Posted by: zhiv | July 15, 2013

Henry Adams Looming; Clarence King Passing

I was pretty happy with culling Boston books the other day. The bookshops in Boston aren’t especially exciting (advantage, Berkeley: Go Bears!), but they’re not absolutely terrible. I have a modest list of Boston and New England-related books that I was on the lookout for, and at the end of my last visit a few things turned up. Just to go through the list: I began, rather oddly, with Matthew Pearl’s The Technologists, which I haven’t gotten around to writing up. I started John P. Marquand’s H.M. Pulham Esq., but then left it at home when I came back. That’s why I read the O’Hara, which I happened to have on hand. I found two key books: The Last Hurrah, by Edwin O’Connor, cited as something like the companion volume to Marquand’s study of Brahmins in The Late George Apley, this one dissecting the later Irish Catholic political world in careful detail. It looks good, and an initial glance tells me that O’Connor won the Pulitzer 5 years later for The Edge of Sadness (1961–never heard of it), so there’s more to know about him and his work. Second was a wartime copy (degrading paper) of Jean Stafford’s first novel, Boston Adventure, which was a nice little find. The first chapters of The Last Hurrah were accessible and engaging, and I was happy to have a new book I want to read, to add to my list, but a couple of paragraphs of Stafford reminded me that The Mountain Lion was great but no picnic, not an easy-read, and good form and some mental energy on my part would be necessary just to get into it, things I didn’t possess at the moment.

I was also gravitating at the same time towards Henry Adams. His famous book The Education was on the list, and had been on my radar for some time. I had been looking for the right copy to present itself, at the right moment. Learning recently that it is #1 on the Modern Library non-fiction list moved me closer. It’s a book I have known about for years, although my initial sense of it was extremely sketchy, and even later I knew only its most basic elements: that it is written in the third person; that he was the grandson and great-grandson of presidents; that he was an historian. I think I first started seeing Adams in a different light a few years ago, after learning about the Adams Memorial in a show at the Guggenheim called The Third Mind: American Artists Contemplate Asia, 1860-1969. The show told the story of Adams’ trips to the East, and it made an impression.

And one afternoon I went on a wikipedia run through 19th century Boston luminaries that started with Oliver Wendell Holmes Sr., wandering rather far afield. This type of thing is fun. Charles Francis Adams, son of John Quincy and Henry’s father, is the type of second or third tier figure who has a rich and full career that’s more than worthy of review, and it’s not hard to link to a dozen such eminent Victorians in a single leisurely afternoon, along with side trips to places like Mt. Auburn cemetery, which has its own historical appeal. Eventually, going through people like Charles F. Eliot, Holmes Jr., Edward Everett Hale, Charles Eliot Norton and Henry Cabot Lodge, I made my way to Adams, all of it an easy historical stroll. Along the way I was thinking on occasion about Lewis Menand’s The Metaphysical Club, which I didn’t quite finish and never wrote about, but it was a great study of some of these characters–and I should review it and figure out a way to make it part of my Boston efforts.
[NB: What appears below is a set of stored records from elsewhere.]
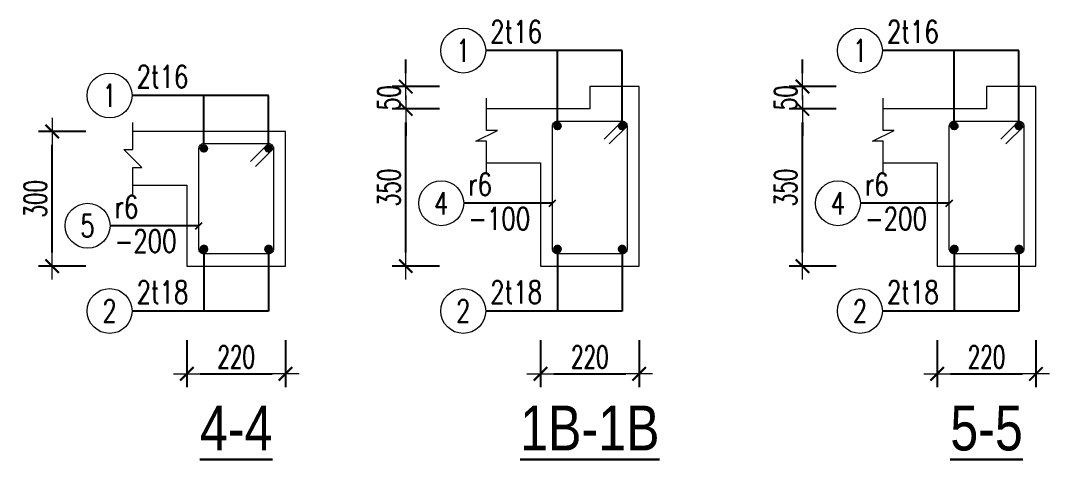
# Model space of a CAD drawing. Header units: millimetres. Extents: x -529861 to -223882, y -171969 to 61504.
# Drawn here: x -374634 to -370051, y -95928 to -93973 of the extents above; entities that cross this region are included whole.
import ezdxf
from ezdxf.enums import TextEntityAlignment as Align

# ---------------------------------------------------------------- set-up
doc = ezdxf.new("R2010")
doc.units = ezdxf.units.MM
doc.header["$LTSCALE"] = 5000
doc.layers.get('Defpoints').update_dxf_attribs({"color": 143})
for name, color, linetype, lineweight in [('kata_dim', 8, 'Continuous', 15), ('kata_net manh', 8, 'Continuous', 5), ('kata_net thay', 4, 'Continuous', 20), ('kata_text', 7, 'Continuous', 30), ('kata_thep chu', 1, 'Continuous', 35), ('kata_thep dai', 220, 'Continuous', 20)]:
    doc.layers.add(name, color=color, linetype=linetype, lineweight=lineweight)
doc.styles.add('kata_text', font='arial.ttf', dxfattribs={"width": 0.8})
doc.styles.add('vnsimpli', font='vnsimli.shx', dxfattribs={"width": 0.65})
doc.dimstyles.new('kata_dim_20', dxfattribs={"dimscale": 20, "dimtxt": 2.5, "dimasz": 1.5, "dimexe": 1.5, "dimexo": 2.5, "dimtad": 1, "dimdec": 0, "dimzin": 0, "dimdsep": 46, "dimtxsty": 'vnsimpli', "dimblk": 'kata_block_ArchTick', "dimcen": 0.09, "dimdle": 1.2, "dimclrd": 8, "dimclre": 8, "dimclrt": 3, "dimadec": 0, "dimazin": 0, "dimtfac": 1, "dimtdec": 0, "dimtix": 1, "dimtofl": 0, "dimtmove": 0, "dimatfit": 3, "dimfxl": 3.75, "dimfxlon": 1, "dimtolj": 1, "dimtzin": 0, "dimarcsym": 0})
doc.dimstyles.new('kata_dim_40', dxfattribs={"dimscale": 40, "dimtxt": 2.5, "dimasz": 1.5, "dimexe": 1.5, "dimexo": 2.5, "dimtad": 1, "dimdec": 0, "dimzin": 0, "dimdsep": 46, "dimtxsty": 'vnsimpli', "dimblk": 'kata_block_ArchTick', "dimcen": 0.09, "dimdle": 1.2, "dimclrd": 8, "dimclre": 8, "dimclrt": 3, "dimadec": 0, "dimazin": 0, "dimtfac": 1, "dimtdec": 0, "dimtix": 1, "dimtofl": 0, "dimtmove": 0, "dimatfit": 3, "dimfxl": 3.75, "dimfxlon": 1, "dimtolj": 1, "dimtzin": 0, "dimarcsym": 0})

# ---------------------------------------------------------------- blocks, each defined once
blk = doc.blocks.new('kata_block_ArchTick')
at = {"color": 8}
blk.add_line((1, 0), (-1, 0), dxfattribs=at)
at = {"color": 8, "const_width": 0.15}
blk.add_lwpolyline([(-0.5, -0.5), (0.5, 0.5)], dxfattribs=at)
blk = doc.blocks.new('*D788')
at = {"layer": 'Defpoints', "color": 0, "linetype": 'ByBlock', "ltscale": 1500, "transparency": 16777216}
for p in [(-373893.6, -95066.3), (-373453.6, -95066.3), (-373453.6, -95546.3)]:
    blk.add_point(p, dxfattribs=at)
at = {"layer": 'kata_dim', "color": 8, "linetype": 'ByBlock', "lineweight": -2, "ltscale": 1500, "transparency": 16777216}
for p, q in [((-373893.6, -95396.3), (-373893.6, -95606.3)), ((-373453.6, -95396.3), (-373453.6, -95606.3)), ((-373833.6, -95546.3), (-373513.6, -95546.3))]:
    blk.add_line(p, q, dxfattribs=at)
at = {"layer": 'kata_dim', "color": 8, "linetype": 'ByBlock', "lineweight": -2, "ltscale": 1500, "transparency": 16777216, "xscale": 60, "yscale": 60, "zscale": 60, "rotation": 180}
blk.add_blockref('kata_block_ArchTick', (-373893.6, -95546.3), dxfattribs=at)
at = {"layer": 'kata_dim', "color": 8, "linetype": 'ByBlock', "lineweight": -2, "ltscale": 1500, "transparency": 16777216, "xscale": 60, "yscale": 60, "zscale": 60}
blk.add_blockref('kata_block_ArchTick', (-373453.6, -95546.3), dxfattribs=at)
at = {"layer": 'kata_dim', "color": 3, "linetype": 'ByBlock', "ltscale": 1500, "transparency": 16777216, "insert": (-373673.6, -95471.3), "char_height": 100, "attachment_point": 5, "style": 'vnsimpli'}
blk.add_mtext('\\A1;220', dxfattribs=at)
blk = doc.blocks.new('kata_block_TD')
at = {"color": 6, "linetype": 'ByBlock', "lineweight": -2, "style": 'kata_text', "width": 0.8}
blk.add_attdef('SECTDET2', text='', height=5, dxfattribs=at).set_placement((0, 7.97), align=Align.CENTER)
at = {"color": 0, "linetype": 'ByBlock', "lineweight": -2, "style": 'kata_text', "width": 0.8}
blk.add_attdef('SECTDET1', text='', height=5, dxfattribs=at).set_placement((0, 1.47), align=Align.CENTER)
blk = doc.blocks.new('*D789')
at = {"layer": 'Defpoints', "color": 0, "linetype": 'ByBlock', "ltscale": 1500, "transparency": 16777216}
for p in [(-374493.6, -94466.3), (-373893.6, -94466.3), (-373893.6, -95066.3)]:
    blk.add_point(p, dxfattribs=at)
at = {"layer": 'kata_dim', "color": 8, "linetype": 'ByBlock', "lineweight": -2, "ltscale": 1500, "transparency": 16777216}
for p, q in [((-374343.6, -94466.3), (-374553.6, -94466.3)), ((-374493.6, -95006.3), (-374493.6, -94526.3)), ((-374343.6, -95066.3), (-374553.6, -95066.3))]:
    blk.add_line(p, q, dxfattribs=at)
at = {"layer": 'kata_dim', "color": 8, "linetype": 'ByBlock', "lineweight": -2, "ltscale": 1500, "transparency": 16777216, "xscale": 60, "yscale": 60, "zscale": 60}
for p, rotation in [((-374493.6, -94466.3), 90), ((-374493.6, -95066.3), 270)]:
    blk.add_blockref('kata_block_ArchTick', p, dxfattribs=dict(at, rotation=rotation))
at = {"layer": 'kata_dim', "color": 3, "linetype": 'ByBlock', "ltscale": 1500, "transparency": 16777216, "insert": (-374568.6, -94766.3), "char_height": 100, "attachment_point": 5, "rotation": 90, "style": 'vnsimpli'}
blk.add_mtext('\\A1;300', dxfattribs=at)
blk = doc.blocks.new('kata_block_THEP')
at = {"layer": 'kata_thep chu', "color": 0}
for p, q in [((-0.5, 0), (0.5, 0)), ((-0.35, 0.35), (0.35, -0.35)), ((0.35, 0.35), (-0.35, -0.35)), ((0, 0.5), (0, -0.5))]:
    blk.add_line(p, q, dxfattribs=at)
at = {"layer": 'kata_thep chu', "color": 0, "const_width": 0.0833}
blk.add_lwpolyline([(-0.5, 0, 1), (0.5, 0, 1), (-0.5, 0, 1)], format="xyb", dxfattribs=at)
blk = doc.blocks.new('*U68')
blk.add_circle((-2.5, 0), 2.5)
at = {"layer": 'kata_text', "color": 3, "style": 'vnsimpli', "width": 0.75}
blk.add_attdef('DK1', (0.5, 0.85), '', height=2.5, dxfattribs=at)
at = {"layer": 'kata_text', "color": 7, "style": 'vnsimpli', "width": 0.75}
blk.add_attdef('SH2', text='', height=2.5, dxfattribs=at).set_placement((-2.5, 0), align=Align.MIDDLE)
blk = doc.blocks.new('*U70')
blk.add_circle((-2.5, 0), 2.5)
at = {"layer": 'kata_text', "color": 3, "style": 'vnsimpli', "width": 0.75}
for tag, p in [('DK1', (0.5, 0.85)), ('KC1', (0.5, -2.97))]:
    blk.add_attdef(tag, p, '', height=2.5, dxfattribs=at)
at = {"layer": 'kata_text', "color": 7, "style": 'vnsimpli', "width": 0.75}
blk.add_attdef('SH2', text='', height=2.5, dxfattribs=at).set_placement((-2.5, 0), align=Align.MIDDLE)
blk = doc.blocks.new('*D794')
at = {"layer": 'Defpoints', "color": 0, "linetype": 'ByBlock', "ltscale": 1500, "transparency": 16777216}
for p in [(-372318.2, -95066.3), (-371878.2, -95066.3), (-371878.2, -95546.3)]:
    blk.add_point(p, dxfattribs=at)
at = {"layer": 'kata_dim', "color": 8, "linetype": 'ByBlock', "lineweight": -2, "ltscale": 1500, "transparency": 16777216}
for p, q in [((-372318.2, -95396.3), (-372318.2, -95606.3)), ((-371878.2, -95396.3), (-371878.2, -95606.3)), ((-372258.2, -95546.3), (-371938.2, -95546.3))]:
    blk.add_line(p, q, dxfattribs=at)
at = {"layer": 'kata_dim', "color": 8, "linetype": 'ByBlock', "lineweight": -2, "ltscale": 1500, "transparency": 16777216, "xscale": 60, "yscale": 60, "zscale": 60, "rotation": 180}
blk.add_blockref('kata_block_ArchTick', (-372318.2, -95546.3), dxfattribs=at)
at = {"layer": 'kata_dim', "color": 8, "linetype": 'ByBlock', "lineweight": -2, "ltscale": 1500, "transparency": 16777216, "xscale": 60, "yscale": 60, "zscale": 60}
blk.add_blockref('kata_block_ArchTick', (-371878.2, -95546.3), dxfattribs=at)
at = {"layer": 'kata_dim', "color": 3, "linetype": 'ByBlock', "ltscale": 1500, "transparency": 16777216, "insert": (-372098.2, -95471.3), "char_height": 100, "attachment_point": 5, "style": 'vnsimpli'}
blk.add_mtext('\\A1;220', dxfattribs=at)
blk = doc.blocks.new('*D795')
at = {"layer": 'Defpoints', "color": 0, "linetype": 'ByBlock', "ltscale": 1500, "transparency": 16777216}
for p in [(-372918.2, -94366.3), (-372328.2, -94366.3), (-372318.2, -95066.3)]:
    blk.add_point(p, dxfattribs=at)
at = {"layer": 'kata_dim', "color": 8, "linetype": 'ByBlock', "lineweight": -2, "ltscale": 1500, "transparency": 16777216}
for p, q in [((-372768.2, -94366.3), (-372978.2, -94366.3)), ((-372918.2, -95006.3), (-372918.2, -94426.3)), ((-372768.2, -95066.3), (-372978.2, -95066.3))]:
    blk.add_line(p, q, dxfattribs=at)
at = {"layer": 'kata_dim', "color": 8, "linetype": 'ByBlock', "lineweight": -2, "ltscale": 1500, "transparency": 16777216, "xscale": 60, "yscale": 60, "zscale": 60}
for p, rotation in [((-372918.2, -94366.3), 90), ((-372918.2, -95066.3), 270)]:
    blk.add_blockref('kata_block_ArchTick', p, dxfattribs=dict(at, rotation=rotation))
at = {"layer": 'kata_dim', "color": 3, "linetype": 'ByBlock', "ltscale": 1500, "transparency": 16777216, "insert": (-372993.2, -94716.3), "char_height": 100, "attachment_point": 5, "rotation": 90, "style": 'vnsimpli'}
blk.add_mtext('\\A1;350', dxfattribs=at)
blk = doc.blocks.new('*D796')
at = {"layer": 'Defpoints', "color": 0, "linetype": 'ByBlock', "ltscale": 1500, "transparency": 16777216}
for p in [(-372918.2, -94266.3), (-372098.2, -94266.3), (-372328.2, -94366.3)]:
    blk.add_point(p, dxfattribs=at)
at = {"layer": 'kata_dim', "color": 8, "linetype": 'ByBlock', "lineweight": -2, "ltscale": 1500, "transparency": 16777216}
for p, q in [((-372918.2, -94206.3), (-372918.2, -94146.3)), ((-372768.2, -94266.3), (-372978.2, -94266.3)), ((-372768.2, -94366.3), (-372978.2, -94366.3)), ((-372918.2, -94426.3), (-372918.2, -94486.3))]:
    blk.add_line(p, q, dxfattribs=at)
at = {"layer": 'kata_dim', "color": 8, "linetype": 'ByBlock', "lineweight": -2, "ltscale": 1500, "transparency": 16777216, "xscale": 60, "yscale": 60, "zscale": 60}
for p, rotation in [((-372918.2, -94266.3), 270), ((-372918.2, -94366.3), 90)]:
    blk.add_blockref('kata_block_ArchTick', p, dxfattribs=dict(at, rotation=rotation))
at = {"layer": 'kata_dim', "color": 3, "linetype": 'ByBlock', "ltscale": 1500, "transparency": 16777216, "insert": (-372993.2, -94316.3), "char_height": 100, "attachment_point": 5, "rotation": 90, "style": 'vnsimpli'}
blk.add_mtext('\\A1;50', dxfattribs=at)
blk = doc.blocks.new('*D798')
at = {"layer": 'Defpoints', "color": 0, "linetype": 'ByBlock', "ltscale": 1500, "transparency": 16777216}
for p in [(-370550.6, -95066.3), (-370110.6, -95066.3), (-370110.6, -95546.3)]:
    blk.add_point(p, dxfattribs=at)
at = {"layer": 'kata_dim', "color": 8, "linetype": 'ByBlock', "lineweight": -2, "ltscale": 1500, "transparency": 16777216}
for p, q in [((-370550.6, -95396.3), (-370550.6, -95606.3)), ((-370110.6, -95396.3), (-370110.6, -95606.3)), ((-370490.6, -95546.3), (-370170.6, -95546.3))]:
    blk.add_line(p, q, dxfattribs=at)
at = {"layer": 'kata_dim', "color": 8, "linetype": 'ByBlock', "lineweight": -2, "ltscale": 1500, "transparency": 16777216, "xscale": 60, "yscale": 60, "zscale": 60, "rotation": 180}
blk.add_blockref('kata_block_ArchTick', (-370550.6, -95546.3), dxfattribs=at)
at = {"layer": 'kata_dim', "color": 8, "linetype": 'ByBlock', "lineweight": -2, "ltscale": 1500, "transparency": 16777216, "xscale": 60, "yscale": 60, "zscale": 60}
blk.add_blockref('kata_block_ArchTick', (-370110.6, -95546.3), dxfattribs=at)
at = {"layer": 'kata_dim', "color": 3, "linetype": 'ByBlock', "ltscale": 1500, "transparency": 16777216, "insert": (-370330.6, -95471.3), "char_height": 100, "attachment_point": 5, "style": 'vnsimpli'}
blk.add_mtext('\\A1;220', dxfattribs=at)
blk = doc.blocks.new('*D799')
at = {"layer": 'Defpoints', "color": 0, "linetype": 'ByBlock', "ltscale": 1500, "transparency": 16777216}
for p in [(-371150.6, -94366.3), (-370560.6, -94366.3), (-370550.6, -95066.3)]:
    blk.add_point(p, dxfattribs=at)
at = {"layer": 'kata_dim', "color": 8, "linetype": 'ByBlock', "lineweight": -2, "ltscale": 1500, "transparency": 16777216}
for p, q in [((-371000.6, -94366.3), (-371210.6, -94366.3)), ((-371150.6, -95006.3), (-371150.6, -94426.3)), ((-371000.6, -95066.3), (-371210.6, -95066.3))]:
    blk.add_line(p, q, dxfattribs=at)
at = {"layer": 'kata_dim', "color": 8, "linetype": 'ByBlock', "lineweight": -2, "ltscale": 1500, "transparency": 16777216, "xscale": 60, "yscale": 60, "zscale": 60}
for p, rotation in [((-371150.6, -94366.3), 90), ((-371150.6, -95066.3), 270)]:
    blk.add_blockref('kata_block_ArchTick', p, dxfattribs=dict(at, rotation=rotation))
at = {"layer": 'kata_dim', "color": 3, "linetype": 'ByBlock', "ltscale": 1500, "transparency": 16777216, "insert": (-371225.6, -94716.3), "char_height": 100, "attachment_point": 5, "rotation": 90, "style": 'vnsimpli'}
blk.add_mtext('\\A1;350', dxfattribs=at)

But I found a rare nugget and got excited about it, just as I was winding things down. I was quite familiar with Clarence King’s name because of my interest in Alpinism, and his Mountaineering in the Sierra Nevada (1872) is a relatively familiar classic. It has never seemed especially readable, and I mainly think of it as a means to pitch Leslie Stephen and The Playground of Europe (1871), but it has long been a fairly important book and name for me. King’s name came up because he was a part of Adams’ and his wife Clover’s most intimate circle along with John Hay and his heiress wife, Clara Stone, a group that called themselves the Five of Hearts. A glance at King’s bio contains information that has been known for some time, but studied in detail recently in Passing Strange: A Gilded Age Tale of Love and Deception Across the Color Line, by Martha A. Sandweiss. King was successful, daring, and charismatic. The fact that he was one of the earliest explorers and “conquerors” of the Sierras was somewhat incidental, as he went on from that adventure to found and organize the U.S. Geological Survey, which itself is a somewhat obscure, monumental 19th century accomplishment. Hay, who was Abraham Lincoln’s secretary at 22 and had a magnificent career, and Adams, who was Henry Adams, both looked up to King and thought he was the titan and cynosure and man of destiny in the group. But Clarence King never quite landed or achieved spectacular success, and instead the end of his bio reveals a shocking secret. He had a double life for 20 years, as he had an African-American common law wife in New York, with whom he had four children. The surprise is King’s alter ego, as his wife Ada Coleman knew him as James Todd, an African-American Pullman porter. Working on the railroad would explain the lengthy absences when he was out in the world being Clarence King, but it’s more strange that the fair, blue-eyed King passed as black.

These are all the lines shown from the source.